If we change the above grammar to:
{
"type": "object",
"properties": {
"number": { "type": "number" },
"street_name": { "type": "string" },
"street_type": { "enum": ["Street", "Avenue", "Boulevard"] }
},
"additionalProperties": true
}
Then things really start to go awry. These strings should all pass (indeed, they passed before when we didn't explicitly set anything for additionalProperties
, but instead are failing now:
{"number":1600,"street_name":"Pennsylvania","street_type":"Avenue"}
{ "street_name": "Pennsylvania" }
{ "number": 1600, "street_name": "Pennsylvania" }
And our sample with an additional property still doesn't match:
{ "number": 1600, "street_name": "Pennsylvania", "street_type":"Avenue", "direction":"NW"}
The only string that matches out of the original is the empty object ({}
).
Looking at the generated GBNF, there is some weird stuff going on. Here is the GBNF with additionalProperties set implicitly:
char ::= [^"\\] | "\\" (["\\/bfnrt] | "u" [0-9a-fA-F] [0-9a-fA-F] [0-9a-fA-F] [0-9a-fA-F])

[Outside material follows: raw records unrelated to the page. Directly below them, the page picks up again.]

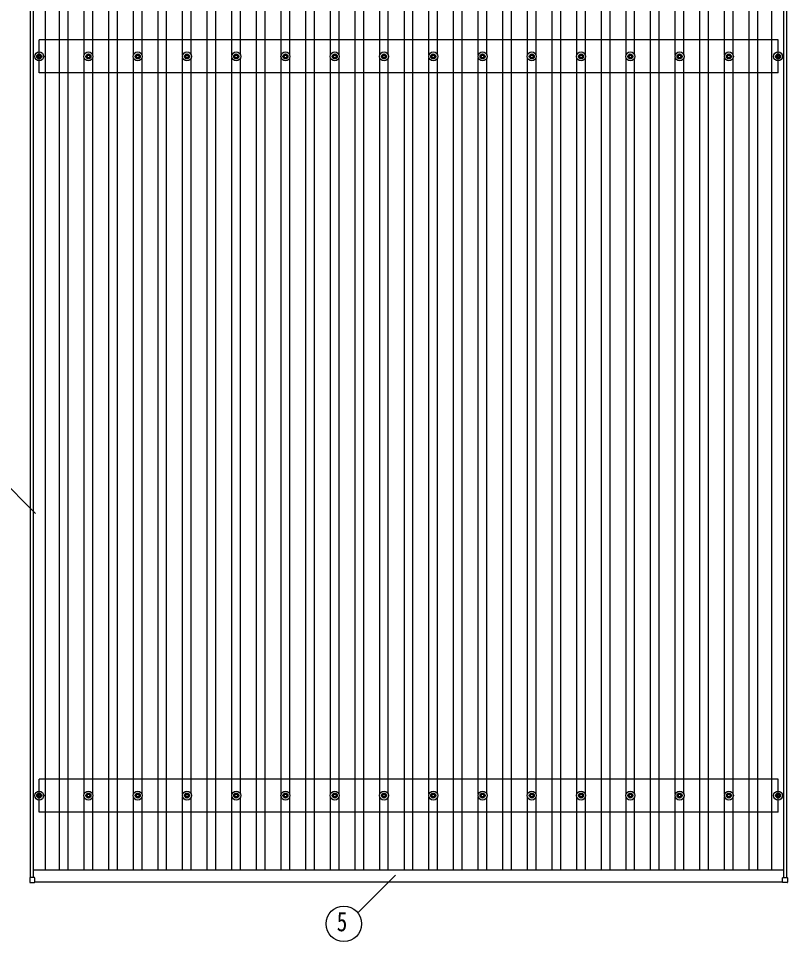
# Model space of a CAD drawing. Units: millimetres, scale not verified. Extents: x -12615 to 12615, y -8910 to 8910.
# Drawn here: x -10539 to -7416, y 931 to 4678 of the extents above; entities that cross this region are included whole.
import ezdxf
from ezdxf.enums import TextEntityAlignment as Align

# ---------------------------------------------------------------- set-up
doc = ezdxf.new("R2010")
doc.units = ezdxf.units.MM
doc.header["$LTSCALE"] = 40
for name, color, linetype in [('0-5_YKK_13', 4, 'Continuous'), ('0-6_YKK_A1', 4, 'Continuous'), ('0-7_YKK_D', 6, 'Continuous')]:
    doc.layers.add(name, color=color, linetype=linetype)
doc.styles.add('ＭＳ ゴシック', font='')
doc.styles.get('ＭＳ ゴシック').set_extended_font_data('MS Gothic')

msp = doc.modelspace()

# ---------------------------------------------------------------- linework, layer by layer
at = {"layer": '0-5_YKK_13'}
for p, q in [((-10456.19, 4534), (-10456.19, 4529.58)), ((-10452.69, 4534), (-10452.69, 4529.58)), ((-10256.19, 4534), (-10256.19, 4529.58)), ((-10252.69, 4534), (-10252.69, 4529.58)), ((-10056.19, 4534), (-10056.19, 4529.58)), ((-10052.69, 4534), (-10052.69, 4529.58)), ((-9856.19, 4534), (-9856.19, 4529.58)), ((-9852.69, 4534), (-9852.69, 4529.58)), ((-9656.19, 4534), (-9656.19, 4529.58)), ((-9652.69, 4534), (-9652.69, 4529.58)), ((-9456.19, 4534), (-9456.19, 4529.58)), ((-9452.69, 4534), (-9452.69, 4529.58)), ((-9256.19, 4534), (-9256.19, 4529.58)), ((-9252.69, 4534), (-9252.69, 4529.58)), ((-9056.19, 4534), (-9056.19, 4529.58)), ((-9052.69, 4534), (-9052.69, 4529.58)), ((-8856.19, 4534), (-8856.19, 4529.58)), ((-8852.69, 4534), (-8852.69, 4529.58)), ((-8656.19, 4534), (-8656.19, 4529.58)), ((-8652.69, 4534), (-8652.69, 4529.58)), ((-8456.19, 4534), (-8456.19, 4529.58)), ((-8452.69, 4534), (-8452.69, 4529.58)), ((-8256.19, 4534), (-8256.19, 4529.58)), ((-8252.69, 4534), (-8252.69, 4529.58)), ((-8056.19, 4534), (-8056.19, 4529.58)), ((-8052.69, 4534), (-8052.69, 4529.58)), ((-7856.19, 4534), (-7856.19, 4529.58)), ((-7852.69, 4534), (-7852.69, 4529.58)), ((-7656.19, 4534), (-7656.19, 4529.58)), ((-7652.69, 4534), (-7652.69, 4529.58)), ((-7456.19, 4534), (-7456.19, 4529.58)), ((-7452.69, 4534), (-7452.69, 4529.58)), ((-10464.44, 4525.75), (-10460.02, 4525.75)), ((-10464.44, 4522.25), (-10460.02, 4522.25)), ((-10456.19, 4518.42), (-10456.19, 4514)), ((-10452.69, 4518.42), (-10452.69, 4514)), ((-10448.86, 4525.75), (-10444.44, 4525.75)), ((-10448.86, 4522.25), (-10444.44, 4522.25)), ((-10264.44, 4525.75), (-10260.02, 4525.75)), ((-10264.44, 4522.25), (-10260.02, 4522.25)), ((-10256.19, 4518.42), (-10256.19, 4514)), ((-10252.69, 4518.42), (-10252.69, 4514)), ((-10248.86, 4525.75), (-10244.44, 4525.75)), ((-10248.86, 4522.25), (-10244.44, 4522.25)), ((-10064.44, 4525.75), (-10060.02, 4525.75)), ((-10064.44, 4522.25), (-10060.02, 4522.25)), ((-10056.19, 4518.42), (-10056.19, 4514)), ((-10052.69, 4518.42), (-10052.69, 4514)), ((-10048.86, 4525.75), (-10044.44, 4525.75)), ((-10048.86, 4522.25), (-10044.44, 4522.25)), ((-9864.44, 4525.75), (-9860.02, 4525.75)), ((-9864.44, 4522.25), (-9860.02, 4522.25)), ((-9856.19, 4518.42), (-9856.19, 4514)), ((-9852.69, 4518.42), (-9852.69, 4514)), ((-9848.86, 4525.75), (-9844.44, 4525.75)), ((-9848.86, 4522.25), (-9844.44, 4522.25)), ((-9664.44, 4525.75), (-9660.02, 4525.75)), ((-9664.44, 4522.25), (-9660.02, 4522.25)), ((-9656.19, 4518.42), (-9656.19, 4514)), ((-9652.69, 4518.42), (-9652.69, 4514)), ((-9648.86, 4525.75), (-9644.44, 4525.75)), ((-9648.86, 4522.25), (-9644.44, 4522.25)), ((-9464.44, 4525.75), (-9460.02, 4525.75)), ((-9464.44, 4522.25), (-9460.02, 4522.25)), ((-9456.19, 4518.42), (-9456.19, 4514)), ((-9452.69, 4518.42), (-9452.69, 4514)), ((-9448.86, 4525.75), (-9444.44, 4525.75)), ((-9448.86, 4522.25), (-9444.44, 4522.25)), ((-9264.44, 4525.75), (-9260.02, 4525.75)), ((-9264.44, 4522.25), (-9260.02, 4522.25)), ((-9256.19, 4518.42), (-9256.19, 4514)), ((-9252.69, 4518.42), (-9252.69, 4514)), ((-9248.86, 4525.75), (-9244.44, 4525.75)), ((-9248.86, 4522.25), (-9244.44, 4522.25)), ((-9064.44, 4525.75), (-9060.02, 4525.75)), ((-9064.44, 4522.25), (-9060.02, 4522.25)), ((-9056.19, 4518.42), (-9056.19, 4514)), ((-9052.69, 4518.42), (-9052.69, 4514)), ((-9048.86, 4525.75), (-9044.44, 4525.75)), ((-9048.86, 4522.25), (-9044.44, 4522.25)), ((-8864.44, 4525.75), (-8860.02, 4525.75)), ((-8864.44, 4522.25), (-8860.02, 4522.25)), ((-8856.19, 4518.42), (-8856.19, 4514)), ((-8852.69, 4518.42), (-8852.69, 4514)), ((-8848.86, 4525.75), (-8844.44, 4525.75)), ((-8848.86, 4522.25), (-8844.44, 4522.25)), ((-8664.44, 4525.75), (-8660.02, 4525.75)), ((-8664.44, 4522.25), (-8660.02, 4522.25)), ((-8656.19, 4518.42), (-8656.19, 4514)), ((-8652.69, 4518.42), (-8652.69, 4514)), ((-8648.86, 4525.75), (-8644.44, 4525.75)), ((-8648.86, 4522.25), (-8644.44, 4522.25)), ((-8464.44, 4525.75), (-8460.02, 4525.75)), ((-8464.44, 4522.25), (-8460.02, 4522.25)), ((-8456.19, 4518.42), (-8456.19, 4514)), ((-8452.69, 4518.42), (-8452.69, 4514)), ((-8448.86, 4525.75), (-8444.44, 4525.75)), ((-8448.86, 4522.25), (-8444.44, 4522.25)), ((-8264.44, 4525.75), (-8260.02, 4525.75)), ((-8264.44, 4522.25), (-8260.02, 4522.25)), ((-8256.19, 4518.42), (-8256.19, 4514)), ((-8252.69, 4518.42), (-8252.69, 4514)), ((-8248.86, 4525.75), (-8244.44, 4525.75)), ((-8248.86, 4522.25), (-8244.44, 4522.25)), ((-8064.44, 4525.75), (-8060.02, 4525.75)), ((-8064.44, 4522.25), (-8060.02, 4522.25)), ((-8056.19, 4518.42), (-8056.19, 4514)), ((-8052.69, 4518.42), (-8052.69, 4514)), ((-8048.86, 4525.75), (-8044.44, 4525.75)), ((-8048.86, 4522.25), (-8044.44, 4522.25)), ((-7864.44, 4525.75), (-7860.02, 4525.75)), ((-7864.44, 4522.25), (-7860.02, 4522.25)), ((-7856.19, 4518.42), (-7856.19, 4514)), ((-7852.69, 4518.42), (-7852.69, 4514)), ((-7848.86, 4525.75), (-7844.44, 4525.75)), ((-7848.86, 4522.25), (-7844.44, 4522.25)), ((-7664.44, 4525.75), (-7660.02, 4525.75)), ((-7664.44, 4522.25), (-7660.02, 4522.25)), ((-7656.19, 4518.42), (-7656.19, 4514)), ((-7652.69, 4518.42), (-7652.69, 4514)), ((-7648.86, 4525.75), (-7644.44, 4525.75)), ((-7648.86, 4522.25), (-7644.44, 4522.25)), ((-7464.44, 4525.75), (-7460.02, 4525.75)), ((-7464.44, 4522.25), (-7460.02, 4522.25)), ((-7456.19, 4518.42), (-7456.19, 4514)), ((-7452.69, 4518.42), (-7452.69, 4514)), ((-7448.86, 4525.75), (-7444.44, 4525.75)), ((-7448.86, 4522.25), (-7444.44, 4522.25)), ((-10464.44, 1525.75), (-10460.02, 1525.75)), ((-10464.44, 1522.25), (-10460.02, 1522.25)), ((-10456.19, 1534), (-10456.19, 1529.58)), ((-10456.19, 1518.42), (-10456.19, 1514)), ((-10452.69, 1534), (-10452.69, 1529.58)), ((-10452.69, 1518.42), (-10452.69, 1514)), ((-10448.86, 1525.75), (-10444.44, 1525.75)), ((-10448.86, 1522.25), (-10444.44, 1522.25)), ((-10264.44, 1525.75), (-10260.02, 1525.75)), ((-10264.44, 1522.25), (-10260.02, 1522.25)), ((-10256.19, 1534), (-10256.19, 1529.58)), ((-10256.19, 1518.42), (-10256.19, 1514)), ((-10252.69, 1534), (-10252.69, 1529.58)), ((-10252.69, 1518.42), (-10252.69, 1514)), ((-10248.86, 1525.75), (-10244.44, 1525.75)), ((-10248.86, 1522.25), (-10244.44, 1522.25)), ((-10064.44, 1525.75), (-10060.02, 1525.75)), ((-10064.44, 1522.25), (-10060.02, 1522.25)), ((-10056.19, 1534), (-10056.19, 1529.58)), ((-10056.19, 1518.42), (-10056.19, 1514)), ((-10052.69, 1534), (-10052.69, 1529.58)), ((-10052.69, 1518.42), (-10052.69, 1514)), ((-10048.86, 1525.75), (-10044.44, 1525.75)), ((-10048.86, 1522.25), (-10044.44, 1522.25)), ((-9864.44, 1525.75), (-9860.02, 1525.75)), ((-9864.44, 1522.25), (-9860.02, 1522.25)), ((-9856.19, 1534), (-9856.19, 1529.58)), ((-9856.19, 1518.42), (-9856.19, 1514)), ((-9852.69, 1534), (-9852.69, 1529.58)), ((-9852.69, 1518.42), (-9852.69, 1514)), ((-9848.86, 1525.75), (-9844.44, 1525.75)), ((-9848.86, 1522.25), (-9844.44, 1522.25)), ((-9664.44, 1525.75), (-9660.02, 1525.75)), ((-9664.44, 1522.25), (-9660.02, 1522.25)), ((-9656.19, 1534), (-9656.19, 1529.58)), ((-9656.19, 1518.42), (-9656.19, 1514)), ((-9652.69, 1534), (-9652.69, 1529.58)), ((-9652.69, 1518.42), (-9652.69, 1514)), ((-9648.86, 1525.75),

decimal-part ::= [0-9] ([0-9] ([0-9] ([0-9] ([0-9] ([0-9] ([0-9] ([0-9] ([0-9] ([0-9] ([0-9] ([0-9] ([0-9] ([0-9] ([0-9] ([0-9])?)?)?)?)?)?)?)?)?)?)?)?)?)?)?
integral-part ::= [0-9] | [1-9] ([0-9] ([0-9] ([0-9] ([0-9] ([0-9] ([0-9] ([0-9] ([0-9] ([0-9] ([0-9] ([0-9] ([0-9] ([0-9] ([0-9] ([0-9])?)?)?)?)?)?)?)?)?)?)?)?)?)?)?
number ::= ("-"? integral-part) ("." decimal-part)? ([eE] [-+]? integral-part)? space
number-kv ::= "\"number\"" space ":" space number
number-rest ::= ( "," space street-name-kv )? street-name-rest
root ::= "{" space (number-kv number-rest | street-name-kv street-name-rest | street-type-kv )? "}" space
space ::= " "?
street-name-kv ::= "\"street_name\"" space ":" space string
street-name-rest ::= ( "," space street-type-kv )?
street-type ::= "\"Street\"" | "\"Avenue\"" | "\"Boulevard\""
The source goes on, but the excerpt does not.